Below are records. Copy every line with "teste" in it.

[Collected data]
== Segment start ==

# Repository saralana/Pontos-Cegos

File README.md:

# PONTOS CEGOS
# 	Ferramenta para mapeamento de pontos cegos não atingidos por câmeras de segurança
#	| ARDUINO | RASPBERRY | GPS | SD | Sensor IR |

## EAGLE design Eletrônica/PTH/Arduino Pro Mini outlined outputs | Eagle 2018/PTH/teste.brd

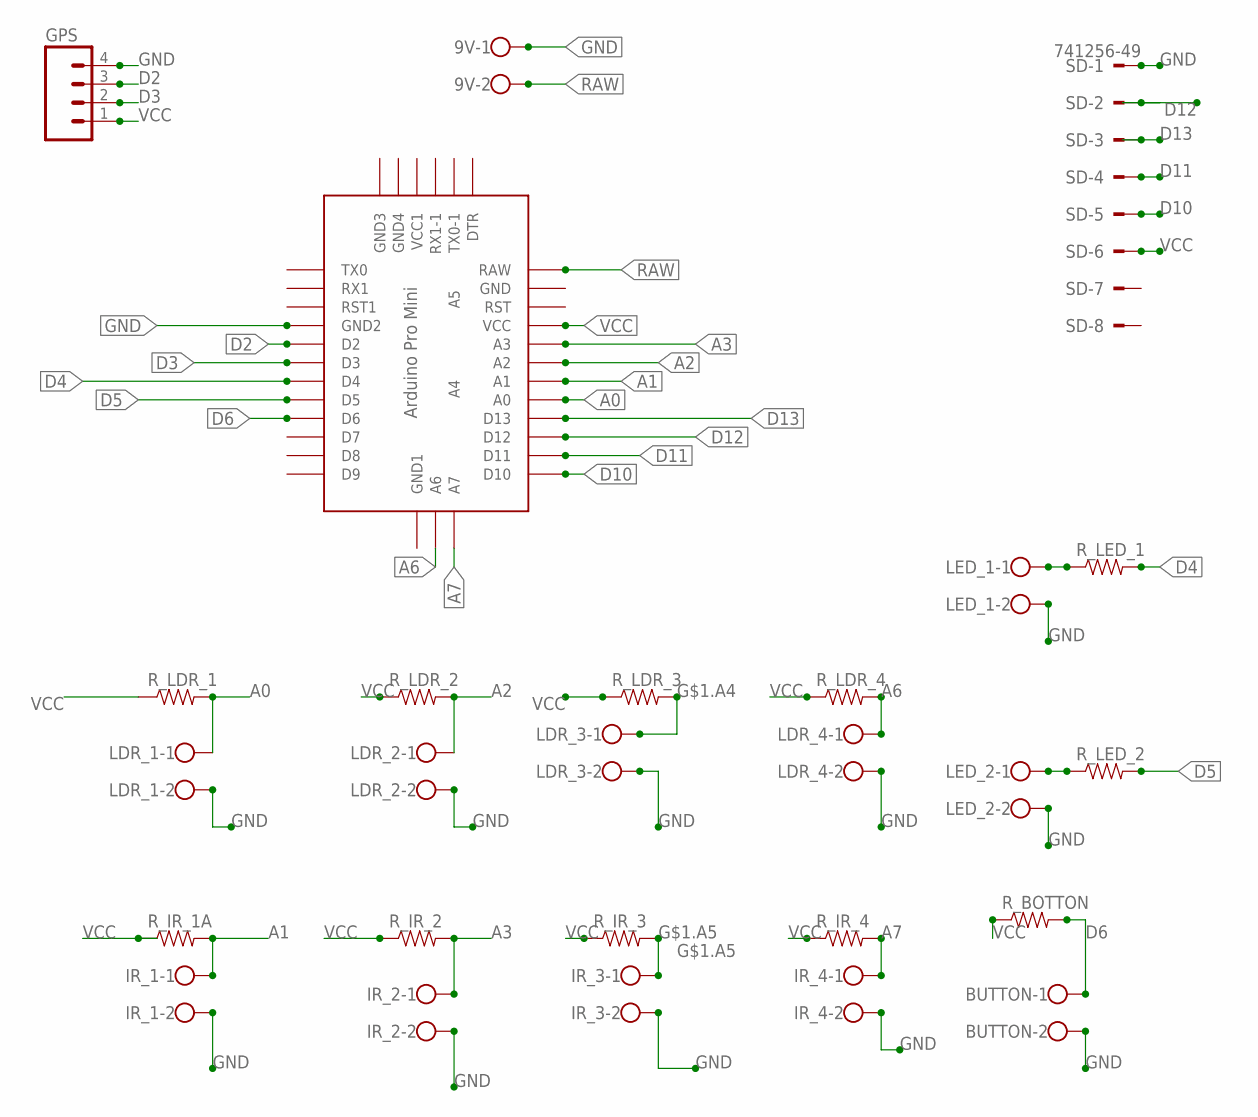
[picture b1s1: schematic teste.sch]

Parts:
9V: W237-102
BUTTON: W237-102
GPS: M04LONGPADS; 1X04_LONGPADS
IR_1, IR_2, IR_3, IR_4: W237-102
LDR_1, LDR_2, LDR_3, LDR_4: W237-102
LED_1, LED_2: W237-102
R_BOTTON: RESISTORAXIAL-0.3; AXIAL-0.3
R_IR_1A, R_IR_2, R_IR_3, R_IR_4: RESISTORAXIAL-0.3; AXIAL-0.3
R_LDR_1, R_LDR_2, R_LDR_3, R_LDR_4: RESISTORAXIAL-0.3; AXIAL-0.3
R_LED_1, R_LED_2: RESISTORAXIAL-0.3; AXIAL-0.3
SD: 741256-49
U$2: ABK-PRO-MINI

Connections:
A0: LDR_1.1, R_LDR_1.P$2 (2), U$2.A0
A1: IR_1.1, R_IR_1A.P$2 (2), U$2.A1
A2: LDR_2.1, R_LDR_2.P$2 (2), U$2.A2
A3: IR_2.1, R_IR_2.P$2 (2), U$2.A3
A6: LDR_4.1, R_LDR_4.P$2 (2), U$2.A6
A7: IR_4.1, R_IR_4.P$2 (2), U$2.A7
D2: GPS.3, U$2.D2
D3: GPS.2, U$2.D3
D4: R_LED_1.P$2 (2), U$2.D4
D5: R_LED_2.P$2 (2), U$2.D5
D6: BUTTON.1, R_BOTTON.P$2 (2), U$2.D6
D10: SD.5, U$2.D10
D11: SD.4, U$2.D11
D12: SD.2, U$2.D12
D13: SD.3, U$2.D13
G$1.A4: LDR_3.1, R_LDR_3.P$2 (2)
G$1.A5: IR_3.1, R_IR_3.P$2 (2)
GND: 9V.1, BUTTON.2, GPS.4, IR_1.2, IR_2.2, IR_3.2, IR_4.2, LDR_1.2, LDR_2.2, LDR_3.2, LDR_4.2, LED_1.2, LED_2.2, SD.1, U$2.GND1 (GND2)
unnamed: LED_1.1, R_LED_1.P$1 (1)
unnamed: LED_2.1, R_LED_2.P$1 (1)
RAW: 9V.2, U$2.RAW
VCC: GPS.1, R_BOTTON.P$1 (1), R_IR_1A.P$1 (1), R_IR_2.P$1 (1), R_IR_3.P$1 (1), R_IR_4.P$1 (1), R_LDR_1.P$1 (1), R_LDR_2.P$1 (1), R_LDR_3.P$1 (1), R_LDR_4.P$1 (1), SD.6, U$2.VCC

== Segment end ==

- [Solution]
## EAGLE design Eletrônica/PTH/Arduino Pro Mini outlined outputs | Eagle 2018/PTH/teste.brd
[picture b1s1: schematic teste.sch]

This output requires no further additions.